Tuesday, March 29

Portrait: Fat Joe

I recently got to shoot a portrait of the rapper, Fat Joe of 'Lean Back' 'Get it Poppin' & 'What's Love' fame. The location was a building in Greenwich Village where he was filming the music video for Massacre on Madison. Joe took a break in shooting so I could take this portrait and gave a close friend some advice regarding women. I also hung around after to get some behind the scenes shots (check back soon for those).
// New York, NY // 40.7362206, -74.0007411

Tuesday, March 22

Reportage: Free Voina

The world famous TATS CRU was asked by The Urban Arts Foundation to paint a memorial wall to Voina, the Russian arts collective, who's member are currently in Russian prison. The mural was created to bring awareness to these jailed artists who were only expressing their artistic freedoms.
// New York, NY // 40.7381314, -74.0020112

Tuesday, March 15

Portrait: Craig Dershowitz (II)

My good friend Craig was at Industry City, a cool bunch of converted factories in Sunset Park Brooklyn for a photo shoot, and invited me tag along. I never realized how boring they are unless your actually taking the pictures or running around doing this, so I decided to make my self busy.
// Sunset park, Brooklyn // 40.6565307, -74.0082243

Tuesday, March 8

Food: Stuffed Meatballs

Last week on Iron Chef Emma Hearst (yes that Hearst) made Stuffed Meatballs. Her recipe looked great but I couldn't remember what went into hers other than stuffing them with a piece of Mozzarella. She did however used the traditional 1/3 mix of Beef, Veal and Pork. {disclaimer} Despite growing up in Northern New Jersey I have never used pork (or veal for that matter) in my meatballs, not because of the Kosher thing, it's just that my mom never did, so I don't. Since I had some leftover sausage in the fridge from the night before I decided to give it a try. I like the additional flavors it added, however the sausage from Fairway was not ground fine enough, and changed the texture of the finished product. All in all these were a huge hit and I will make them again for sure.

Try Them:
Finely Diced Onion
Finely Chopped Garlic
Olive Oil
Dried Oregano & Thyme
Crushed Red Pepper
Coarsely Ground Black Pepper
Kosher Salt
Bread Crumbs
Ground Meat (2/3 Beef 1/3 Sausage - or all beef)
Grated Parmesan Cheese (Optional)
1/2" Cubes of fresh Mozzarella

The reason that there are no measurements is because I've never made meat balls the same way twice. The basics are the same, but it depends on how much meat there is and if its from my butcher or the store. I typically don't add more than 1/2 cup of bread crumbs to 1 lbs of meat.

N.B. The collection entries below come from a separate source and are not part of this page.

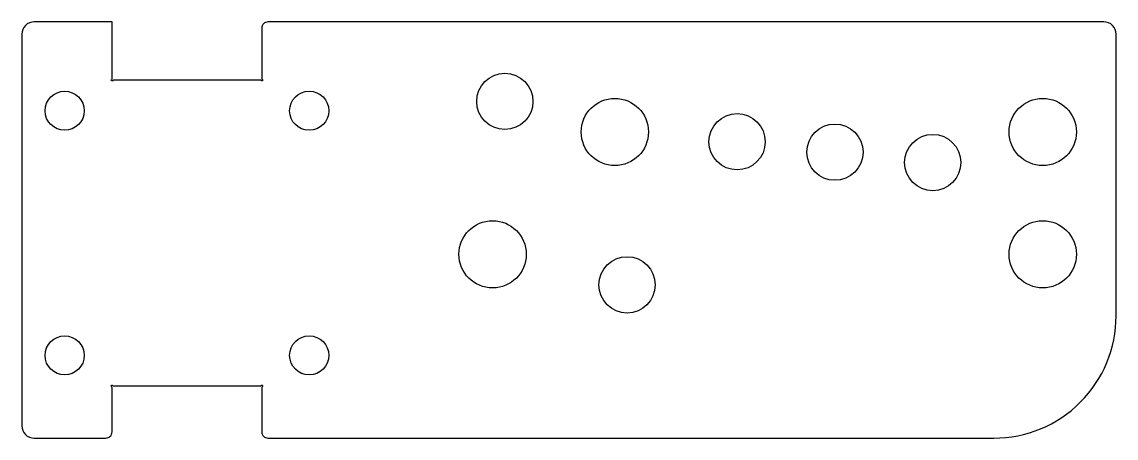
# Model space of a CAD drawing. Header units: millimetres. Extents: x 1.5 to 91, y -57.5 to -23.4.
import ezdxf

# ---------------------------------------------------------------- set-up
doc = ezdxf.new("R2010")
doc.units = ezdxf.units.MM
doc.layers.get('0').update_dxf_attribs({"linetype": 'CONTINUOUS'})

msp = doc.modelspace()

# ---------------------------------------------------------------- linework, layer by layer
msp.add_lwpolyline([(8.875, -53.34, 0.213422), (8.833, -53.247, -1.05728), (8.922, -53.158, 0.213422), (9.015, -53.2), (20.985, -53.2, 0.213422), (21.078, -53.158, -1.05728), (21.167, -53.247, 0.213422), (21.125, -53.34), (21.125, -56.962, 0.414214), (21.625, -57.462), (81, -57.462, 0.414214), (91, -47.462), (91, -24.438, 0.414214), (90, -23.438), (21.625, -23.438, 0.414214), (21.125, -23.937), (21.125, -28.06, 0.213422), (21.167, -28.153, -1.05728), (21.078, -28.242, 0.213422), (20.985, -28.2), (9.015, -28.2, 0.069902), (8.98, -28.205, -0.255845), (8.875, -28.263, -1), (8.875, -28.138), (8.875, -23.438), (2.5, -23.438, 0.414214), (1.5, -24.438), (1.5, -56.463, 0.414214), (2.5, -57.462), (8.375, -57.462, 0.414214), (8.875, -56.962)], format="xyb", close=True)
for centre, radius in [((41, -29.937), 2.3), ((5, -30.7), 1.6), ((25, -30.7), 1.6), ((50, -32.437), 2.75), ((85, -32.437), 2.75), ((60, -33.237), 2.3), ((68, -34.087), 2.3), ((76, -34.937), 2.3), ((40, -42.437), 2.75), ((85, -42.437), 2.75), ((51, -44.937), 2.3), ((5, -50.7), 1.6), ((25, -50.7), 1.6)]:
    msp.add_circle(centre, radius)

doc.saveas('drawing.dxf')

They are less to hold it together and more to soak up the great Olive Oil that is flavored by the onion and garlic.

Preheat oven to 375F. Cover a baking sheet with aluminum foil, and a place a cooling rack inside, set aside. (This lets the fat from the beef drip off while baking, and much healthier than frying.)

Heat Oil on a medium-high heat and sauté onions until translucent. Add garlic and spices and continue to cook until golden brown. Add bread crumbs and cook until toasted, set aside until room temperature.

In a large bowl combine meats until they become uniform. Add bread crumb mixture (and parmesan cheese if using) to bowl and combine evenly without over mixing.

Gather the amount of meat to yield the desired sized ball. Press mozzarella cube into the meat and form a ball around it. Place on the cooling rack and repeat until finished. Bake for about 20 minuets (depending on size) They should be cooked through, with the cheese gooey when cut.
// Bloomfield, NJ // 40.828212, -74.186783

Tuesday, March 1

Reportage: John Kerry Rally

A blind man and his service dog out to support John Kerry at a rally for his failed Presidential run in 2004.